Thanks again, situation disappointing.
Comment 23 Eugene Grosbein freebsd_committer 2018-07-17 10:31:04 UTC
(In reply to ricsip from comment #22)

This greatly depends on local conditions. There is exactly same problem for PPtP-connected client using GRE encapsulation (not clean TCP) when all traffic is delivered from single IP address of PPtP server to single local IP address of PPtP client. Same with L2TP-over-UDP encapsulation.
Comment 24 ricsip 2018-07-25 14:12:02 UTC
(In reply to Eugene Grosbein from comment #23)

Hi Eugene,

as I was not satisfied with the outcome here, I installed an ipfire linux distrib on my APU2 to see what performance it can achieve versus the low performance seen under Freebsd/opnsense. Same purely IP-routing based testing as I did with opnsense, as I dont have the knowledge to build a proper PPPoE simulator lab.

Well, using ipfire I could reach 850-900 Mbit/sec on single-flow iperf, that was only possible with multi-flow iperf under opnsense. Even the load was much lighter in contrast with opnsense: according to TOP it was 70% idle during 900Mbit single-flow iperf session. So I think this whole thread about RSS-locked-to-single-core is either incorrect, or linux kernel does some magic much much better than Freebsd.

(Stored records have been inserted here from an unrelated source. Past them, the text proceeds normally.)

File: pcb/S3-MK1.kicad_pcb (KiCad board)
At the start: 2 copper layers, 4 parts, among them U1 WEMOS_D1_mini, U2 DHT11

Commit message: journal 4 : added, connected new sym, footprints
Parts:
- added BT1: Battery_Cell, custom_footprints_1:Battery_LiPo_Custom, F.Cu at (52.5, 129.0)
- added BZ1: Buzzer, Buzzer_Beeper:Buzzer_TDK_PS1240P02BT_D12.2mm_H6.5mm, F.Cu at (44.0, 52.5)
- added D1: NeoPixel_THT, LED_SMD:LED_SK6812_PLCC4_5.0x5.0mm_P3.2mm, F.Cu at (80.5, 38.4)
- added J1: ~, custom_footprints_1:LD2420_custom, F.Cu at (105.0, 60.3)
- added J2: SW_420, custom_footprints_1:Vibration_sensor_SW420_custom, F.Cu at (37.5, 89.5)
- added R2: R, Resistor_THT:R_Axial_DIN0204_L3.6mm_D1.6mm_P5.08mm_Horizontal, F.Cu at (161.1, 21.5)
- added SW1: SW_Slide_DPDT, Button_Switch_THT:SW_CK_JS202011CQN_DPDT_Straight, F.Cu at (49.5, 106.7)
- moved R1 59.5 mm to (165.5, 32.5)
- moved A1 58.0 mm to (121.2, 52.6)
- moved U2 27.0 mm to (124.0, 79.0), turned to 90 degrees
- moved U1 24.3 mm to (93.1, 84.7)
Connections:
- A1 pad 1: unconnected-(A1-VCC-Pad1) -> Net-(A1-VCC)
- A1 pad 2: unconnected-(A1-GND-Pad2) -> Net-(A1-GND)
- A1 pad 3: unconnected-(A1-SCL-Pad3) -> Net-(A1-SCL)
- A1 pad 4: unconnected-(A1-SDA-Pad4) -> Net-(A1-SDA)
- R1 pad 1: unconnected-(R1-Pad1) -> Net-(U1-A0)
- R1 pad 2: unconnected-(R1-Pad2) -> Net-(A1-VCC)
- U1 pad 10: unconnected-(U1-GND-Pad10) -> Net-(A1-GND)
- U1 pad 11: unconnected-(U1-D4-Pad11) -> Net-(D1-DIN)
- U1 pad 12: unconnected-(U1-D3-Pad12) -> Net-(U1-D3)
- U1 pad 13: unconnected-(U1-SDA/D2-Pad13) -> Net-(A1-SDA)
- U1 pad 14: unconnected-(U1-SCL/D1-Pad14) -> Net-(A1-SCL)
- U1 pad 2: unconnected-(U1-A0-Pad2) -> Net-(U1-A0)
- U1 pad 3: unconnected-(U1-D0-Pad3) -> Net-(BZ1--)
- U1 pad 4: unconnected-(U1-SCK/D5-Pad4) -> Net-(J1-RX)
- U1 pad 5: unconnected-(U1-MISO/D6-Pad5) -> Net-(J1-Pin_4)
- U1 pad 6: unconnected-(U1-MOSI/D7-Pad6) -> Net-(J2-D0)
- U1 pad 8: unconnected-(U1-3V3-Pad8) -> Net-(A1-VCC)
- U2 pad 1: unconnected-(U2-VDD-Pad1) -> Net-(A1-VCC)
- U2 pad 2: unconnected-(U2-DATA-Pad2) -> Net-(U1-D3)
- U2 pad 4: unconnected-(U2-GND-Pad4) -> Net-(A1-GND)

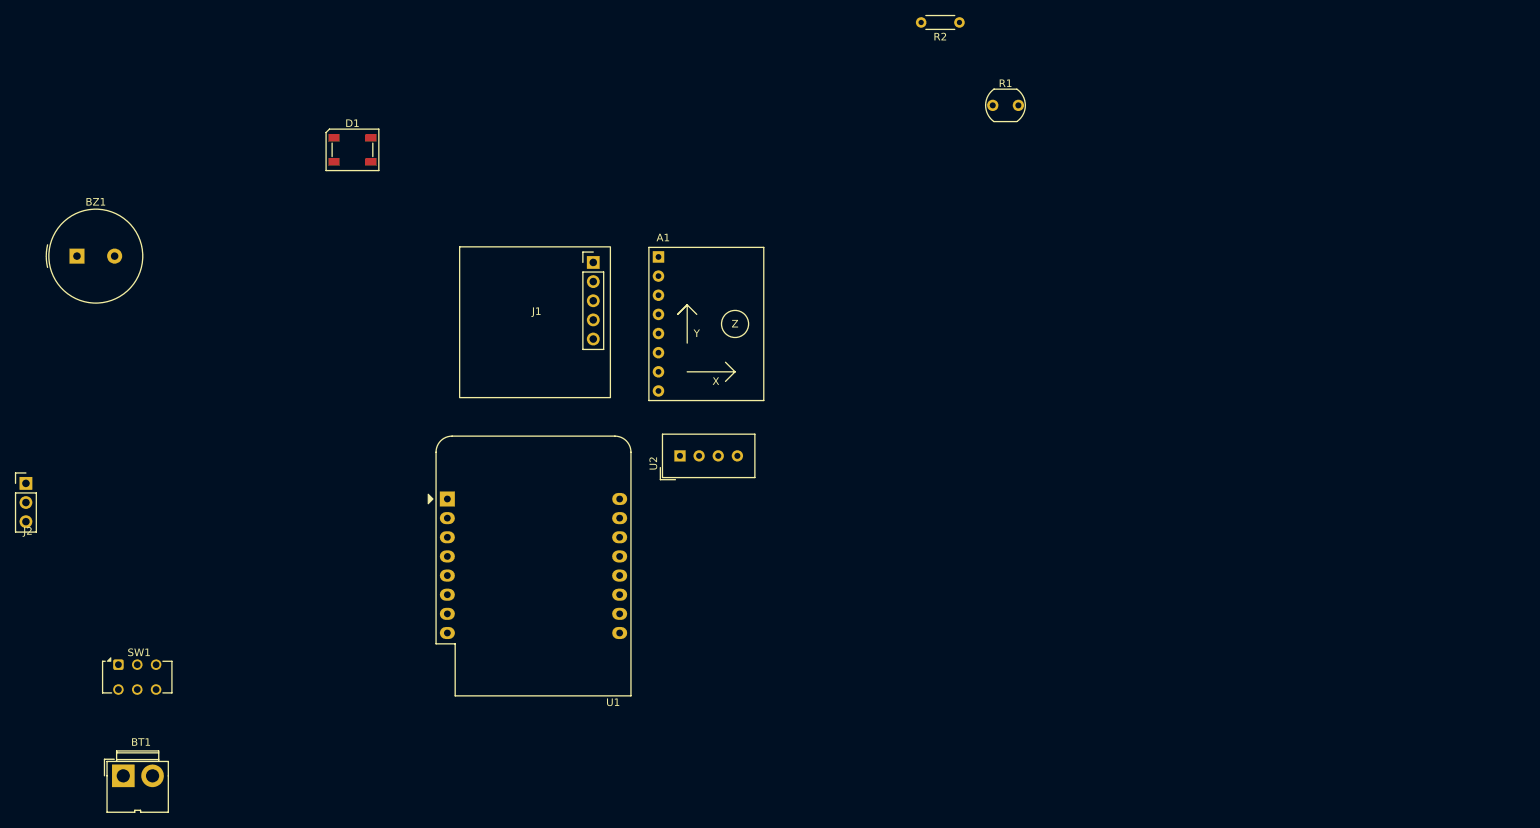
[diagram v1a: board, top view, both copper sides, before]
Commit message: journal 5 : PCB footprints placement
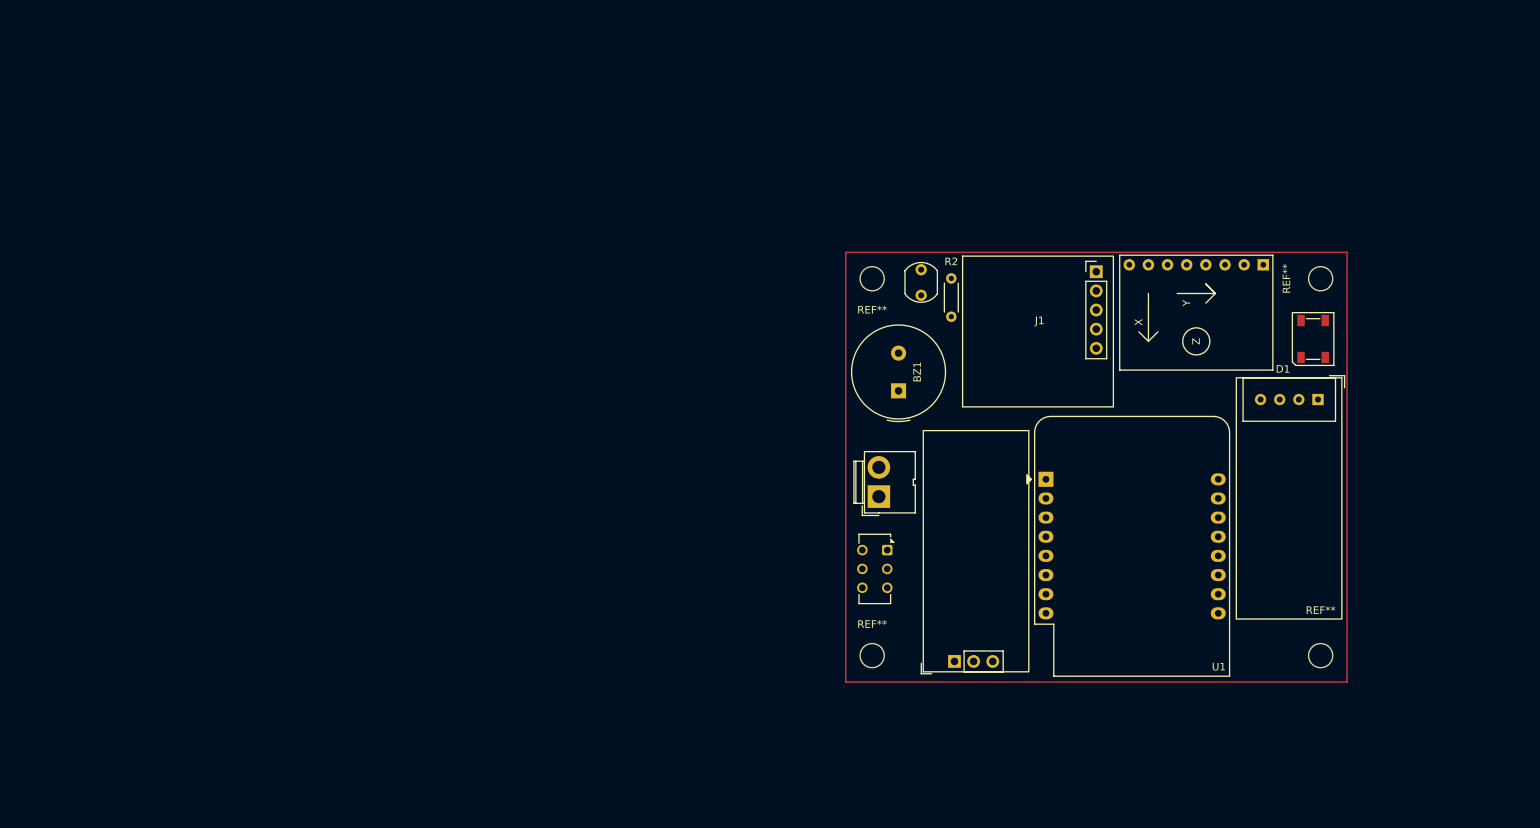
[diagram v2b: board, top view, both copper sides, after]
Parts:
- added REF**: MountingHole_3.2mm_M3, MountingHole:MountingHole_3.2mm_M3, F.Cu at (149.5, 55.5)
- added REF**: MountingHole_3.2mm_M3, MountingHole:MountingHole_3.2mm_M3, F.Cu at (209.0, 55.5)
- added REF**: MountingHole_3.2mm_M3, MountingHole:MountingHole_3.2mm_M3, F.Cu at (149.5, 105.5)
- added REF**: MountingHole_3.2mm_M3, MountingHole:MountingHole_3.2mm_M3, F.Cu at (209.0, 105.5)
- D1: value NeoPixel_THT -> NeoPixel
- moved J2 130.8 mm to (167.3, 106.0), turned to 90 degrees
- moved D1 129.9 mm to (208.0, 63.5), turned to 90 degrees
- moved BT1 115.4 mm to (157.9, 82.1), turned to 90 degrees
- moved BZ1 110.5 mm to (153.0, 70.4), turned to 90 degrees
- moved SW1 103.1 mm to (151.5, 91.5), turned to -90 degrees
- moved U2 85.0 mm to (208.6, 71.5), turned to -90 degrees
- moved A1 80.2 mm to (201.4, 53.6), turned to -90 degrees
- moved U1 79.5 mm to (172.6, 82.1)
- moved J1 66.7 mm to (171.7, 61.6)
- moved R2 39.1 mm to (160.0, 60.5), turned to 90 degrees
- moved R1 23.8 mm to (156.0, 54.3), turned to -90 degrees

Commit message: routed the pcb, solved all errors, journal 6
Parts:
- moved A1 40.3 mm to (164.4, 69.7)
- moved BT1 40.3 mm to (120.9, 98.1)
- moved BZ1 40.3 mm to (116.0, 86.4)
- moved D1 40.3 mm to (171.0, 79.5)
- moved J1 40.3 mm to (134.7, 77.6)
- moved J2 40.3 mm to (130.3, 122.0)
- moved R1 40.3 mm to (119.0, 70.3)
- moved R2 40.3 mm to (123.0, 76.5)
- moved REF** 40.3 mm to (112.5, 71.5)
- moved REF** 40.3 mm to (172.0, 71.5)
- moved REF** 40.3 mm to (112.5, 121.5)
- moved REF** 40.3 mm to (172.0, 121.5)
- moved SW1 40.3 mm to (114.5, 107.5)
- moved U1 40.3 mm to (135.6, 98.1)
- moved U2 40.3 mm to (171.6, 87.5)
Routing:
- net Net-(A1-GND): track 0.00 -> 195.9 mm
- net Net-(A1-VCC): track 0.00 -> 161.0 mm
- net Net-(U1-A0): track 0.00 -> 41.8 mm
- net Net-(D1-DIN): track 0.00 -> 39.5 mm
- net Net-(U1-D3): track 0.00 -> 39.4 mm
- net Net-(J1-RX): track 0.00 -> 38.0 mm
- net Net-(J1-Pin_4): track 0.00 -> 36.8 mm
- net Net-(A1-SDA): track 0.00 -> 36.8 mm
- net Net-(A1-SCL): track 0.00 -> 34.5 mm
- net Net-(BZ1--): track 0.00 -> 29.9 mm
- net Net-(J2-D0): track 0.00 -> 14.4 mm
- net Net-(BT1-+): track 0.00 -> 10.5 mm
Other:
- board outline added: 67.5 x 58 mm

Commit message: journal 7 : added new components, firmware
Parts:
- D1: value NeoPixel -> NeoPixel_THT
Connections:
- R1 pad 1: Net-(U1-A0) -> Net-(U1-CS/D8)
- R2 pad 2: Net-(U1-A0) -> Net-(U1-CS/D8)
- U1 pad 2: Net-(U1-A0) -> Net-(J3-Pin_3)
- U1 pad 7: unconnected-(U1-CS/D8-Pad7) -> Net-(U1-CS/D8)
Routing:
- net Net-(U1-CS/D8): track 0.00 -> 47.1 mm
- net Net-(U1-A0): track 41.8 -> 0.00 mm
- net (no net): track 0.00 -> 41.8 mm
- net Net-(J2-D0): track 14.4 -> 17.0 mm
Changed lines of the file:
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@@
 		(sheetname "/")
 		(sheetfile "S3-MK1.kicad_sch")
+		(units
+			(unit
+				(name "A")
+				(pins "1" "2" "3")
+			)
+		)
 		(attr through_hole)
 		(duplicate_pad_numbers_are_jumpers no)
@@
 			(layers "*.Cu" "*.Mask")
 			(remove_unused_layers no)
-			(net "Net-(U1-A0)")
+			(net "Net-(U1-CS{slash}D8)")
 			(pintype "passive")
 		)
@@
 		(sheetname "/")
 		(sheetfile "S3-MK1.kicad_sch")
+		(units
+			(unit
+				(name "A")
+				(pins "1" "15" "16" "9" "10" "8" "2" "3" "14" "13" "12" "11" "4" "5"
+					"6" "7"
+				)
+			)
+		)
 		(attr through_hole)
 		(duplicate_pad_numbers_are_jumpers no)
@@
 			(layers "*.Cu" "*.Mask")
 			(remove_unused_layers no)
-			(net "Net-(U1-A0)")
+			(net "Net-(J3-Pin_3)")
 			(pinfunction "A0_2")
 			(pintype "input")
@@
 			(layers "*.Cu" "*.Mask")
 			(remove_unused_layers no)
-			(net "unconnected-(U1-CS{slash}D8-Pad7)")
+			(net "Net-(U1-CS{slash}D8)")
 			(pinfunction "CS/D8_7")
 			(pintype "bidirectional")
@@
 			)
 		)
-		(property "Value" "NeoPixel"
+		(property "Value" "NeoPixel_THT"
 			(at 0 4 90)
 			(layer "F.Fab")
@@
 			(layers "*.Cu" "*.Mask")
 			(remove_unused_layers no)
-			(net "Net-(U1-A0)")
+			(net "Net-(U1-CS{slash}D8)")
 			(pintype "passive")
 		)
@@
 		(sheetname "/")
 		(sheetfile "S3-MK1.kicad_sch")
+		(units
+			(unit
+				(name "A")
+				(pins "3" "1" "4" "2")
+			)
+		)
 		(attr through_hole)
 		(duplicate_pad_numbers_are_jumpers no)
@@
 	)
 	(segment
+		(start 119 70.3)
+		(end 121.84 70.3)
+		(width 0.2)
+		(layer "F.Cu")
+		(net "")
+	)
+	(segment
+		(start 135.555 100.65)
+		(end 119.5 84.595)
+		(width 0.2)
+		(layer "F.Cu")
+		(net "")
+	)
+	(segment
+		(start 119.5 84.595)
+		(end 119.5 74.96)
+		(width 0.2)
+		(layer "F.Cu")
+		(net "")
+	)
+	(segment
+		(start 121.84 70.3)
+		(end 123 71.46)
+		(width 0.2)
+		(layer "F.Cu")
+		(net "")
+	)
+	(segment
+		(start 119.5 74.96)
+		(end 123 71.46)
+		(width 0.2)
+		(layer "F.Cu")
+		(net "")
+	)
+	(segment
 		(start 111.2 110)
 		(end 113.3875 107.8125)
@@
 	)
 	(segment
-		(start 128.5 117.865)
-		(end 135.555 110.81)
+		(start 134.849365 114.5)
+		(end 136.5 114.5)
 		(width 0.2)
 		(layer "F.Cu")
@@
 	)
 	(segment
-		(start 128.5 122.27)
-		(end 128.5 117.865)
+		(start 137 114)
+		(end 137 111.5)
 		(width 0.2)
 		(layer "F.Cu")
@@
 	)
 	(segment
-		(start 119 70.3)
-		(end 121.84 70.3)
+		(start 128.5 122.27)
+		(end 128.5 120.849365)
 		(width 0.2)
 		(layer "F.Cu")
-		(net "Net-(U1-A0)")
+		(net "Net-(J2-D0)")
 	)
 	(segment
-		(start 135.555 100.65)
-		(end 119.5 84.595)
+		(start 128.5 120.849365)
+		(end 134.849365 114.5)
 		(width 0.2)
 		(layer "F.Cu")
-		(net "Net-(U1-A0)")
+		(net "Net-(J2-D0)")
 	)
 	(segment
-		(start 119.5 84.595)
-		(end 119.5 74.96)
+		(start 136.31 110.81)
+		(end 135.555 110.81)
 		(width 0.2)
 		(layer "F.Cu")
-		(net "Net-(U1-A0)")
+		(net "Net-(J2-D0)")
 	)
 	(segment
-		(start 121.84 70.3)
-		(end 123 71.46)
+		(start 137 111.5)
+		(end 136.31 110.81)
 		(width 0.2)
 		(layer "F.Cu")
-		(net "Net-(U1-A0)")
+		(net "Net-(J2-D0)")
 	)
 	(segment
-		(start 119.5 74.96)
-		(end 123 71.46)
+		(start 136.5 114.5)
+		(end 137 114)
 		(width 0.2)
 		(layer "F.Cu")
-		(net "Net-(U1-A0)")
+		(net "Net-(J2-D0)")
 	)
 	(segment
@@
 		(net "Net-(A1-SCL)")
 	)
+	(segment
+		(start 128 105.795)
+		(end 128 76.46)
+		(width 0.2)
+		(layer "B.Cu")
+		(net "Net-(U1-CS{slash}D8)")
+	)
+	(segment
+		(start 135.555 113.35)
+		(end 128 105.795)
+		(width 0.2)
+		(layer "B.Cu")
+		(net "Net-(U1-CS{slash}D8)")
+	)
+	(segment
+		(start 128 76.46)
+		(end 123 71.46)
+		(width 0.2)
+		(layer "B.Cu")
+		(net "Net-(U1-CS{slash}D8)")
+	)
 	(embedded_fonts no)

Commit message: added journal 8, pcb files, libs
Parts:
- added J3: audio, custom_footprints_1:Audio_sensor_custom, F.Cu at (155.0, 86.1)
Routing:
- net Net-(J3-Pin_3): track 0.00 -> 25.1 mm
- net Net-(A1-VCC): track 161.0 -> 179.4 mm
- net Net-(A1-GND): track 195.9 -> 209.5 mm

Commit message: journal 9, added S3 watch PCB, files
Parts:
- added BT2: Battery_Cell, custom_footprints_1:Battery_LiPo_Custom, F.Cu at (229.0, 79.0)
- added BZ2: Buzzer, Buzzer_Beeper:MagneticBuzzer_Kingstate_KCG0601, F.Cu at (227.0, 97.5)
- added BZ3: Haptic_Vibration, Buzzer_Beeper:MagneticBuzzer_Kingstate_KCG0601, F.Cu at (214.9, 97.5)
- added D2: NeoPixel_THT, LED_SMD:LED_SK6812_PLCC4_5.0x5.0mm_P3.2mm, F.Cu at (222.6, 114.0)
- added J5: OLED_128x64, ScottoKeebs_Scotto:OLED_128x64, F.Cu at (222.5, 96.7)
- added SW2: SW_Slide_DPDT, Button_Switch_THT:SW_CK_JS202011CQN_DPDT_Straight, F.Cu at (213.0, 84.7)
- added SW3: SW_Push, Button_Switch_THT:SW_PUSH_1P1T_6x3.5mm_H4.3_APEM_MJTP1243, F.Cu at (211.2, 112.5)
- added SW4: SW_Push, Button_Switch_THT:SW_PUSH_1P1T_6x3.5mm_H4.3_APEM_MJTP1243, F.Cu at (234.0, 112.5)
- added SW5: SW_Push, Button_Switch_THT:SW_PUSH_1P1T_6x3.5mm_H4.3_APEM_MJTP1243, F.Cu at (234.0, 117.0)
- added SW6: SW_Push, Button_Switch_THT:SW_PUSH_1P1T_6x3.5mm_H4.3_APEM_MJTP1243, F.Cu at (211.2, 117.0)
- added U3: WEMOS_D1_mini, RF_Module:WEMOS_D1_mini_light, B.Cu at (233.9, 91.1)
- J3: value audio -> audio_sensor_custom
- moved J2 46.1 mm to (85.3, 112.0)
- moved BT1 46.1 mm to (75.9, 88.1)
- moved BZ1 46.1 mm to (71.0, 76.4)
- moved D1 46.1 mm to (126.0, 69.5)
- moved J3 46.1 mm to (110.0, 76.1)
- moved R1 46.1 mm to (74.0, 60.3)
- moved R2 46.1 mm to (78.0, 66.5)
- moved REF** 46.1 mm to (67.5, 61.5)
- moved REF** 46.1 mm to (127.0, 61.5)
- moved REF** 46.1 mm to (67.5, 111.5)
- moved REF** 46.1 mm to (127.0, 111.5)
- moved SW1 46.1 mm to (69.5, 97.5)
- moved U1 46.1 mm to (90.6, 88.1)
- moved U2 46.1 mm to (126.6, 77.5)
- moved A1 46.1 mm to (119.4, 59.6)
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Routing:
- net (no net): track 41.8 -> 0.00 mm
- net Net-(U1-CS/D8): track 47.1 -> 51.2 mm
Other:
- board size 67.5 x 58 mm -> 172.5 x 62 mm

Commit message: journal 10, added pcb, complete  s3 watch files
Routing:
- net Net-(BT2--): track 0.00 -> 73.7 mm
- net Net-(U3-CS/D8): track 0.00 -> 59.7 mm
- net Net-(U3-D0): track 0.00 -> 47.9 mm
- net Net-(J5-VCC): track 0.00 -> 39.1 mm
- net Net-(U3-D4): track 0.00 -> 26.5 mm
- net Net-(BZ3-+): track 0.00 -> 22.0 mm
- net Net-(D2-DIN): track 0.00 -> 21.8 mm
- net Net-(J5-SCL): track 0.00 -> 20.5 mm
- net Net-(BT2-+): track 0.00 -> 19.0 mm
- net Net-(U3-D3): track 0.00 -> 16.9 mm
- net Net-(J5-SDA): track 0.00 -> 12.7 mm
- net Net-(BZ2-+): track 0.00 -> 8.49 mm
- net Net-(A1-VCC): track 179.4 -> 178.8 mm
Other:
- board size 172.5 x 62 mm -> 172.5 x 66 mm

So I no longer know whom to believe anything in this topic...
Comment 25 Jan Bramkamp 2018-07-25 14:15:53 UTC
Does Linux use RSS to achieve this performance or does it drain the NIC queue in a single interrupt and load balance the rest? Did you try the netisr workaround?
Comment 26 Eugene Grosbein freebsd_committer 2018-07-25 18:08:45 UTC
(In reply to ricsip from comment #24)

Please use our mailing lists or web forums for general support questions of discussion and leave Bugzilla for bug reports. Again, the problem has nothing to do with this igb driver problem report. You can easily link this PR and even distinct comments, though. Write to freebsd-net@freebsd.org, for example.

And yes, you should try make use of netisr(9) queues first.
Comment 27 Vladimir 2018-07-25 18:21:29 UTC
Do you mean something like net.isr.dispatch=deferred ?
Comment 28 Eugene Grosbein freebsd_committer 2018-07-25 18:24:52 UTC
(In reply to Vladimir from comment #27)

Yes. Have you missed comment #11 describing possible solutions including this?
Comment 29 Vladimir 2018-07-25 18:32:45 UTC
(In reply to Eugene Grosbein from comment #28)
No, just wanted to confirm.
Comment 30 Kurt Jaeger freebsd_committer 2018-07-27 17:03:42 UTC
(In reply to anoteros from comment #1)

This link for a patch seems valid:

http://static.ipfw.ru/patches/igb_flowid.diff

Did anyone test with that ? Does that still apply ?
Comment 31 Eugene Grosbein freebsd_committer 2018-07-27 18:02:16 UTC
(In reply to Kurt Jaeger from comment #30)

This patch does not apply in any sense: it won't apply textually and it was (incomplete) attempt to solve another problem in first place: it tried to add a sysctl to disable flowid generation by igb(4) driver based on (always zero for PPPoE) hardware flow id assigned by the chip. It was meaningless from the beginning.